Given records -
# # # #

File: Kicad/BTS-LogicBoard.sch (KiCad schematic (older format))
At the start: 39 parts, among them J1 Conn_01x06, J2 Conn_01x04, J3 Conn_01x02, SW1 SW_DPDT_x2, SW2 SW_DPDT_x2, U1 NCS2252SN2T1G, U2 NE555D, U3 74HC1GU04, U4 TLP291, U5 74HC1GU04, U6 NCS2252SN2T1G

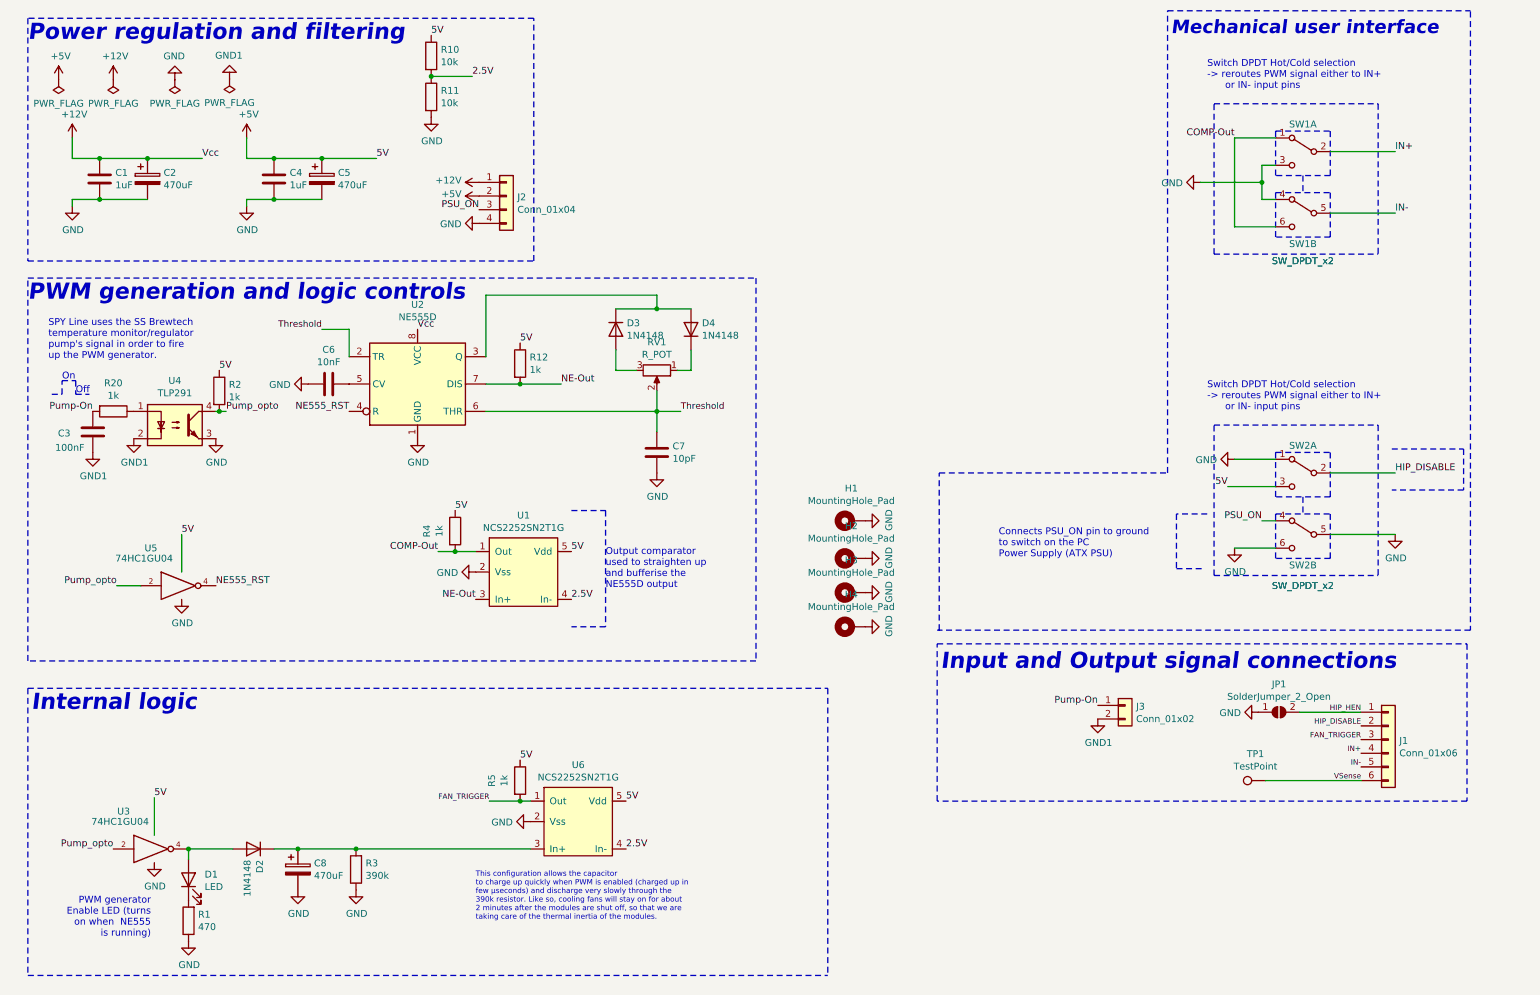
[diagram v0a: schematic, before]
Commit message: Updated schematic with LEDS and new NE555/TS555 PWM generation circuit
Signed-off-by: bebenlebricolo <benoittarrade@hotmail.fr>
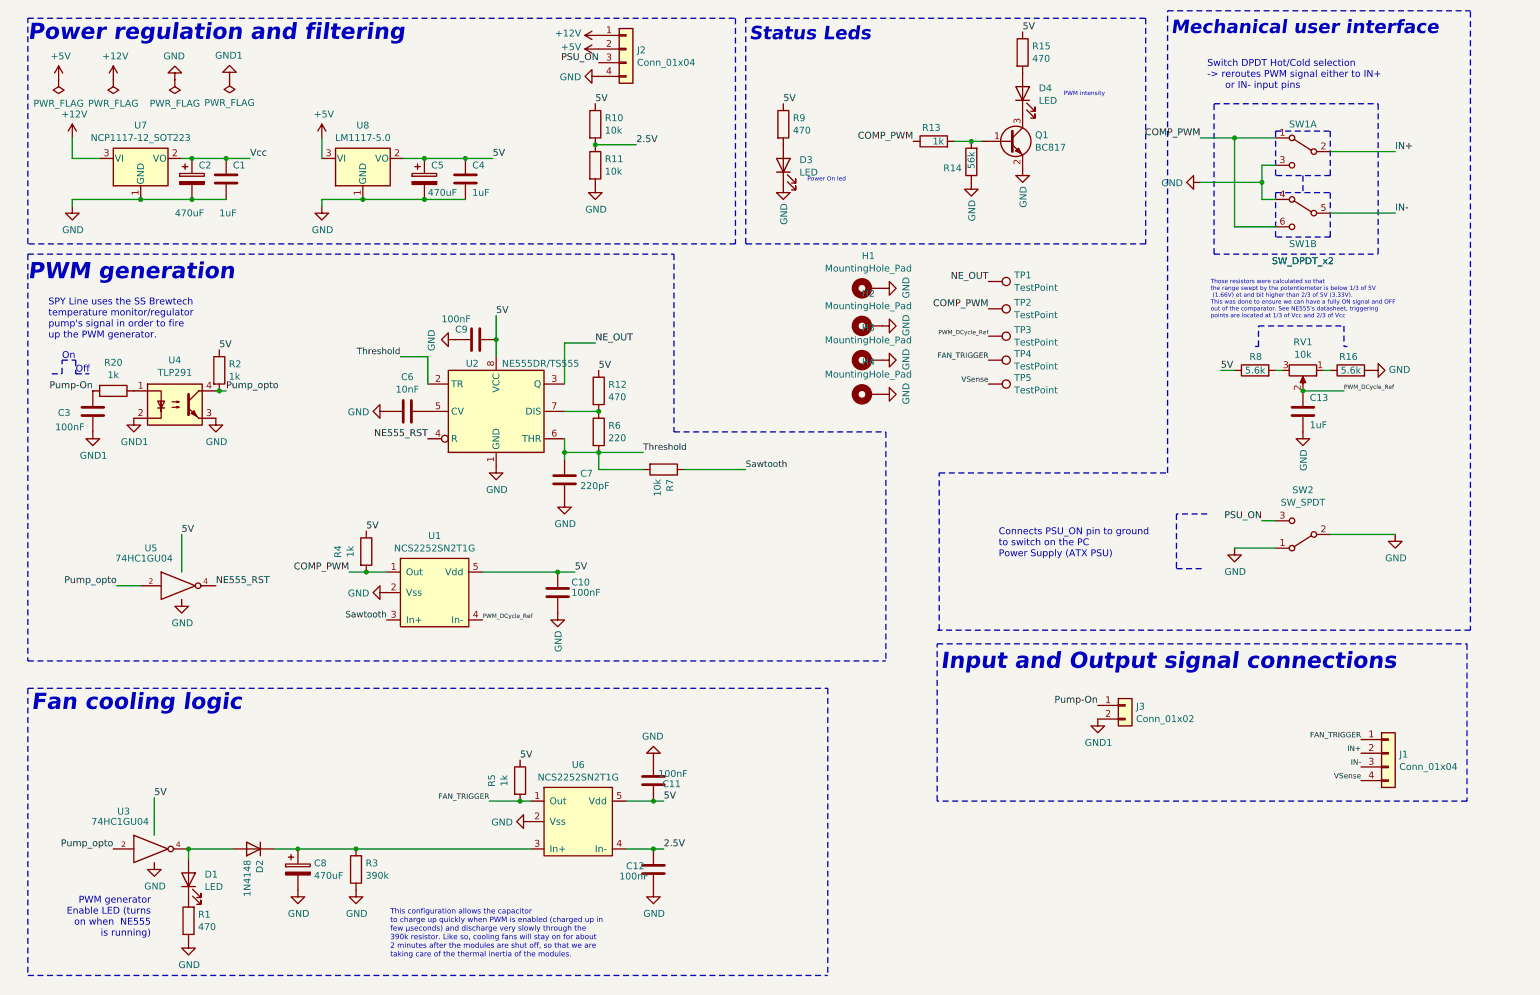
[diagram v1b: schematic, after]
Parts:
- removed D3, D4: 1N4148, Diode_SMD:D_1206_3216Metric_Pad1.42x1.75mm_HandSolder, symbol Diode:1N4148
- removed J1: Conn_01x06, BTS-LogicBoard:Molex_MicroLock_1.25_01x06, symbol Connector_Generic:Conn_01x06
- removed JP1: SolderJumper_2_Open, Jumper:SolderJumper-2_P1.3mm_Open_RoundedPad1.0x1.5mm, symbol Jumper:SolderJumper_2_Open
- removed SW2: SW_DPDT_x2, BTS-LogicBoard:PinSocket_2x03_P2.54mm_Vertical_DPDT_Special, symbol Switch:SW_DPDT_x2
- added C10, C11, C12, C9: 100nF, Capacitor_SMD:C_1206_3216Metric_Pad1.33x1.80mm_HandSolder, symbol Device:C
- added C13: 1uF, Capacitor_SMD:C_1206_3216Metric_Pad1.33x1.80mm_HandSolder, symbol Device:C
- added D3, D4: LED, symbol Device:LED
- added J1: Conn_01x04, BTS-LogicBoard:TE_EP_01x04_2132230-4, symbol Connector_Generic:Conn_01x04
- added Q1: BC817, Package_TO_SOT_SMD:SOT-23, symbol Transistor_BJT:BC817
- added R13: 1k, Resistor_SMD:R_1206_3216Metric_Pad1.30x1.75mm_HandSolder, symbol Device:R
- added R14: 56k, Resistor_SMD:R_1206_3216Metric_Pad1.30x1.75mm_HandSolder, symbol Device:R
- added R15, R9: 470, Resistor_SMD:R_1206_3216Metric_Pad1.30x1.75mm_HandSolder, symbol Device:R
- added R16, R8: 5.6k, Resistor_SMD:R_1206_3216Metric_Pad1.30x1.75mm_HandSolder, symbol Device:R
- added R6: 220, Resistor_SMD:R_1206_3216Metric_Pad1.30x1.75mm_HandSolder, symbol Device:R
- added R7: 10k, Resistor_SMD:R_1206_3216Metric_Pad1.30x1.75mm_HandSolder, symbol Device:R
- added SW2: SW_SPDT, symbol Switch:SW_SPDT
- added TP2, TP3, TP4, TP5: TestPoint, symbol Connector:TestPoint
- added U7: NCP1117-12_SOT223, Package_TO_SOT_SMD:SOT-223-3_TabPin2, symbol Regulator_Linear:NCP1117-12_SOT223
- added U8: LM1117-5.0, symbol Regulator_Linear:LM1117-5.0
- C7: value 10pF -> 220pF; Link (none) -> https://fr.rs-online.com/web/p/condensateurs-ceramique-mult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; Model (none) -> 1206Y1K00221KXT
- R12: value 1k -> 470
- RV1: value R_POT -> 10k; footprint Connector_PinSocket_2.54mm:PinSocket_1x03_P2.54mm_Vertical -> (none)
- TP1: footprint TestPoint:TestPoint_Pad_D2.0mm -> (none)
- U2: value NE555D -> NE555DR/TS555
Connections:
- net +12V: now also U7.3 (VI); no longer C1.1, C2.1, U2.8 (VCC)
- net +5V: now also U8.3 (VI); no longer C4.1, C5.1, R10.1, R12.1, R2.1, R4.1, R5.1, U1.5 (Vdd), U3.5 (VCC), U5.5 (VCC), U6.5 (Vdd)
- net 2.5V: now also C12.1; no longer U1.4 (In-)
- net FAN_TRIGGER: now also J1.1 (Pin_1), TP4.1
- net GND: now also C10.2, C11.2, C12.2, C13.2, C9.2, D3.1 (K), Q1.2 (E), R14.1, R16.2, SW2.1 (A), SW2.2 (B), U7.1 (GND), U8.1 (GND)
- net IN+: now also J1.2 (Pin_2)
- net IN-: now also J1.3 (Pin_3)
- net PSU_ON: now also SW2.3 (C)
- net Threshold: now also R6.2, R7.2; no longer RV1.2
- net VSense: now also J1.4 (Pin_4), TP5.1; no longer TP1.1
- net NE_OUT: now reaches U2.3 (Q)
- net NE_OUT: now also TP1.1
- net at RV1.3: now also R8.2
- net at RV1.1: now also R16.1
- net COMP-Out renamed COMP_PWM
- net COMP_PWM: now also R13.1, TP2.1
- net NE-Out: no longer names the net of R12.2, U2.7 (DIS)
- net NE-Out: now also R6.1; no longer U1.3 (In+)
- new net: D3.2 (A), R9.2
- new net: D4.2 (A), R15.2
- new net: D4.1 (K), Q1.3 (C)
- new net: Q1.1 (B), R13.2, R14.2
- new net PWM_DCycle_Ref: C13.1, RV1.2, TP3.1, U1.4 (In-)
- new net Sawtooth: R7.1, U1.3 (In+)
- new net VCC: C10.1, C11.1, C4.1, C5.1, C9.1, R10.1, R12.1, R15.1, R2.1, R4.1, R5.1, R8.1, R9.1, U1.5 (Vdd), U2.8 (VCC), U3.5 (VCC), U5.5 (VCC), U6.5 (Vdd), U8.2 (VO)
- new net Vcc: C1.1, C2.1, U7.2 (VO)
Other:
- note added: "Fan cooling logic"
- note added: "PWM generation"
- note added: "PWM intensity"
- note added: "Power On led"
- note added: "Status Leds"
- note added: "Those resistors were calculated so that\nthe range swept by the potentiometer is below 1/3 of 5V\n (1.66V) et and bit higher than 2/3 of 5V (3.33V).\nThis was done to ensure we can have a fully ON signal and OFF\nout of the comparator. See NE555's datasheet, triggering\npoints are located at 1/3 of Vcc and 2/3 of Vcc"
- note removed: "Internal logic"
- note removed: "Output comparator \nused to straighten up \nand bufferise the \nNE555D output"
- note removed: "PWM generation and logic controls"
- moved on the sheet: C1, C2, C3, C4, C5, C6, C7, H1, H2, H3, H4, J2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

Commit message: Restarted layout
Signed-off-by: bebenlebricolo <benoittarrade@hotmail.fr>
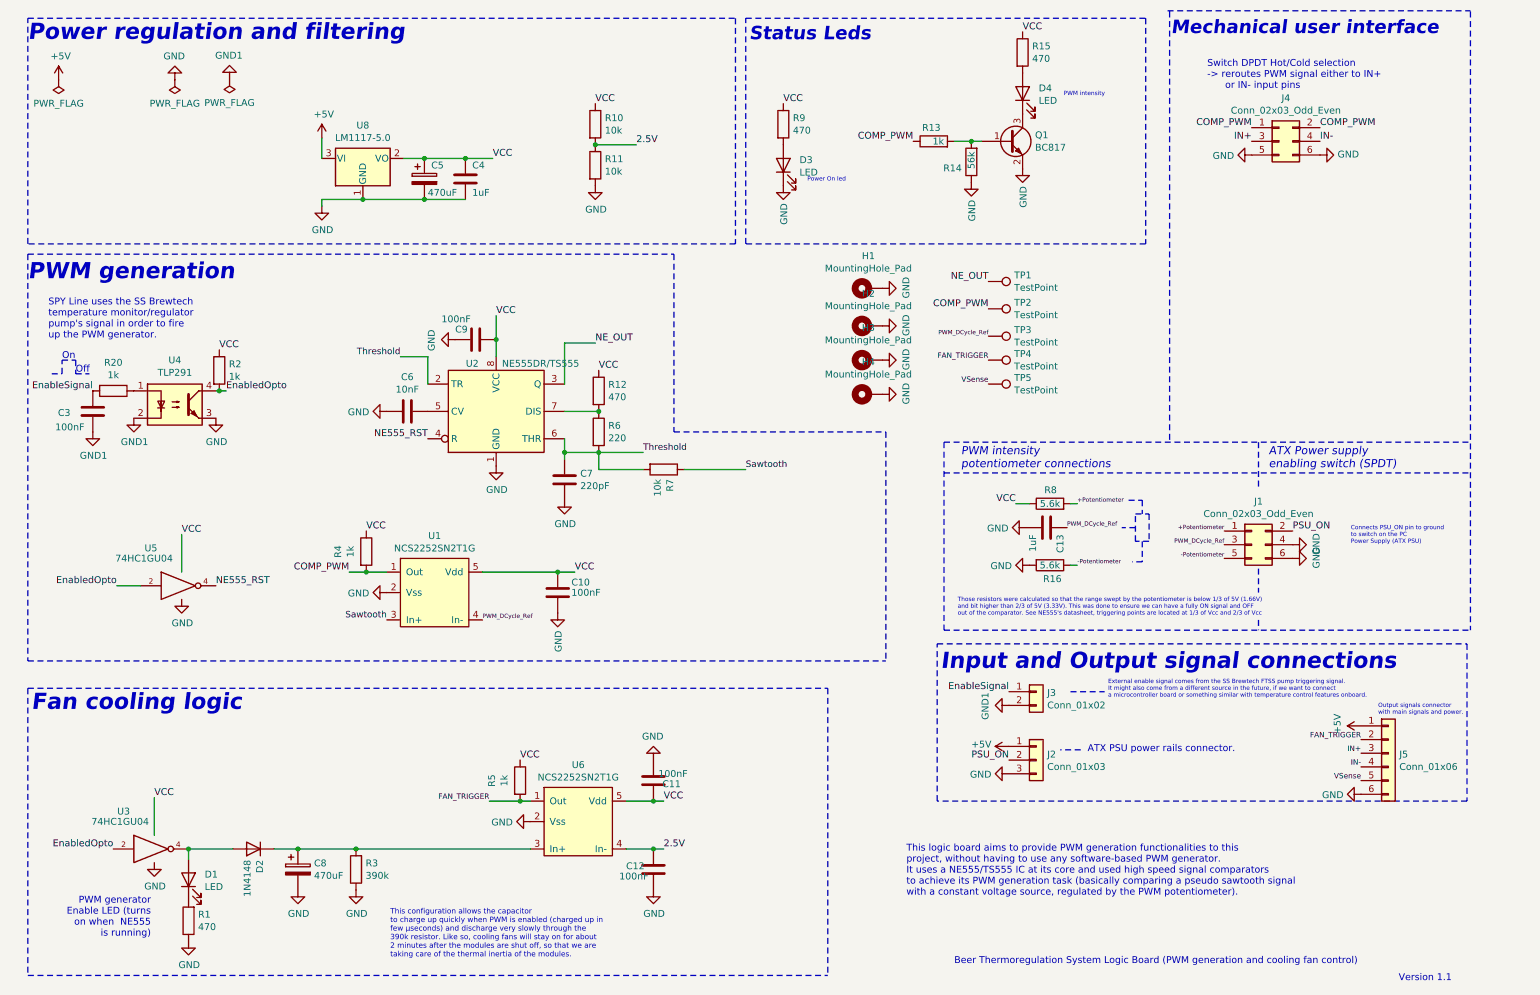
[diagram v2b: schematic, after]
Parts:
- removed C1: 1uF, Capacitor_SMD:C_1206_3216Metric_Pad1.33x1.80mm_HandSolder, symbol Device:C
- removed C2: 470uF, Capacitor_SMD:CP_Elec_10x10, symbol Device:CP
- removed J1: Conn_01x04, BTS-LogicBoard:TE_EP_01x04_2132230-4, symbol Connector_Generic:Conn_01x04
- removed J2: Conn_01x04, Connector_PinSocket_2.54mm:PinSocket_1x04_P2.54mm_Vertical, symbol Connector_Generic:Conn_01x04
- removed RV1: 10k, symbol Device:R_POT
- removed SW1: SW_DPDT_x2, BTS-LogicBoard:PinSocket_2x03_P2.54mm_Vertical_DPDT_Special, symbol Switch:SW_DPDT_x2
- removed SW2: SW_SPDT, symbol Switch:SW_SPDT
- removed U7: NCP1117-12_SOT223, Package_TO_SOT_SMD:SOT-223-3_TabPin2, symbol Regulator_Linear:NCP1117-12_SOT223
- added J1, J4: Conn_02x03_Odd_Even, Connector_Hirose:Hirose_DF11-6DP-2DSA_2x03_P2.00mm_Vertical, symbol Connector_Generic:Conn_02x03_Odd_Even
- added J2: Conn_01x03, BTS-LogicBoard:559350310, symbol Connector_Generic:Conn_01x03
- added J5: Conn_01x06, BTS-LogicBoard:Molex_MicroLock_1.25_01x06, symbol Connector_Generic:Conn_01x06
- D3, D4: footprint (none) -> LED_THT:LED_D3.0mm
- TP1, TP2, TP3, TP4, TP5: footprint (none) -> TestPoint:TestPoint_Pad_D2.0mm
- U8: footprint (none) -> Package_TO_SOT_SMD:SOT-223-3_TabPin2
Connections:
- net +5V: now also J2.1 (Pin_1), J5.1 (Pin_1)
- net COMP_PWM: now also J4.1 (Pin_1), J4.2 (Pin_2)
- net FAN_TRIGGER: now also J5.2 (Pin_2)
- net GND: now also J1.4 (Pin_4), J1.6 (Pin_6), J2.3 (Pin_3), J4.5 (Pin_5), J4.6 (Pin_6), J5.6 (Pin_6)
- net IN+: now also J4.3 (Pin_3), J5.3 (Pin_3)
- net IN-: now also J4.4 (Pin_4), J5.4 (Pin_4)
- net PSU_ON: now also J1.2 (Pin_2), J2.2 (Pin_2)
- net PWM_DCycle_Ref: now also J1.3 (Pin_3)
- net VSense: now also J5.5 (Pin_5)
- net -Potentiometer: now reaches R16.1
- net -Potentiometer: now also J1.5 (Pin_5)
- net +Potentiometer: now reaches R8.2
- net +Potentiometer: now also J1.1 (Pin_1)
- net Pump-On renamed EnableSignal
- net Pump_opto renamed EnabledOpto
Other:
- note added: "ATX PSU power rails connector."
- note added: "ATX Power supply\nenabling switch (SPDT)"
- note added: "Beer Thermoregulation System Logic Board (PWM generation and cooling fan control)"
- note added: "External enable signal comes from the SS Brewtech FTSS pump triggering signal.\nIt might also come from a different source in the future, if we want to connect\na microcontroller board or something similar with temperature control features onboard."
- note added: "Output signals connector \nwith main signals and power."
- note added: "PWM intensity \npotentiometer connections"
- note added: "This logic board aims to provide PWM generation functionalities to this\nproject, without having to use any software-based PWM generator.\nIt uses a NE555/TS555 IC at its core and used high speed signal comparators\nto achieve its PWM generation task (basically comparing a pseudo sawtooth signal\nwith a constant voltage source, regulated by the PWM potentiometer)."
- note added: "Those resistors were calculated so that the range swept by the potentiometer is below 1/3 of 5V (1.66V) \nand bit higher than 2/3 of 5V (3.33V). This was done to ensure we can have a fully ON signal and OFF\nout of the comparator. See NE555's datasheet, triggering points are located at 1/3 of Vcc and 2/3 of Vcc"
- note added: "Version 1.1"
- note removed: "Those resistors were calculated so that\nthe range swept by the potentiometer is below 1/3 of 5V\n (1.66V) et and bit higher than 2/3 of 5V (3.33V).\nThis was done to ensure we can have a fully ON signal and OFF\nout of the comparator. See NE555's datasheet, triggering\npoints are located at 1/3 of Vcc and 2/3 of Vcc"
- moved on the sheet: C13, J3, R16, R8

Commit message: Finalized layout for Version 1.1 (need to work on silkscreen now)
Signed-off-by: bebenlebricolo <benoittarrade@hotmail.fr>
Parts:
- U3: footprint Package_TO_SOT_SMD:SOT-353_SC-70-5_Handsoldering -> Package_TO_SOT_SMD:SOT-353_SC-70-5
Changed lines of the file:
@@
 F 0 "U3" H 1325 6925 50  0000 C CNN
 F 1 "74HC1GU04" H 1300 6850 50  0000 C CNN
-F 2 "Package_TO_SOT_SMD:SOT-353_SC-70-5_Handsoldering" H 1550 6650 50  0001 C CNN
+F 2 "Package_TO_SOT_SMD:SOT-353_SC-70-5" H 1550 6650 50  0001 C CNN
 F 3 "https://assets.nexperia.com/documents/data-sheet/74HC1GU04.pdf" H 1550 6650 50  0001 C CNN
 	1    1550 6650

# # # #

Task description - All lines of the listing holding the string "schematic" must be returned, copied as they stand.

Result of this task -
File: Kicad/BTS-LogicBoard.sch (KiCad schematic (older format))
[diagram v0a: schematic, before]
Commit message: Updated schematic with LEDS and new NE555/TS555 PWM generation circuit
[diagram v1b: schematic, after]
[diagram v2b: schematic, after]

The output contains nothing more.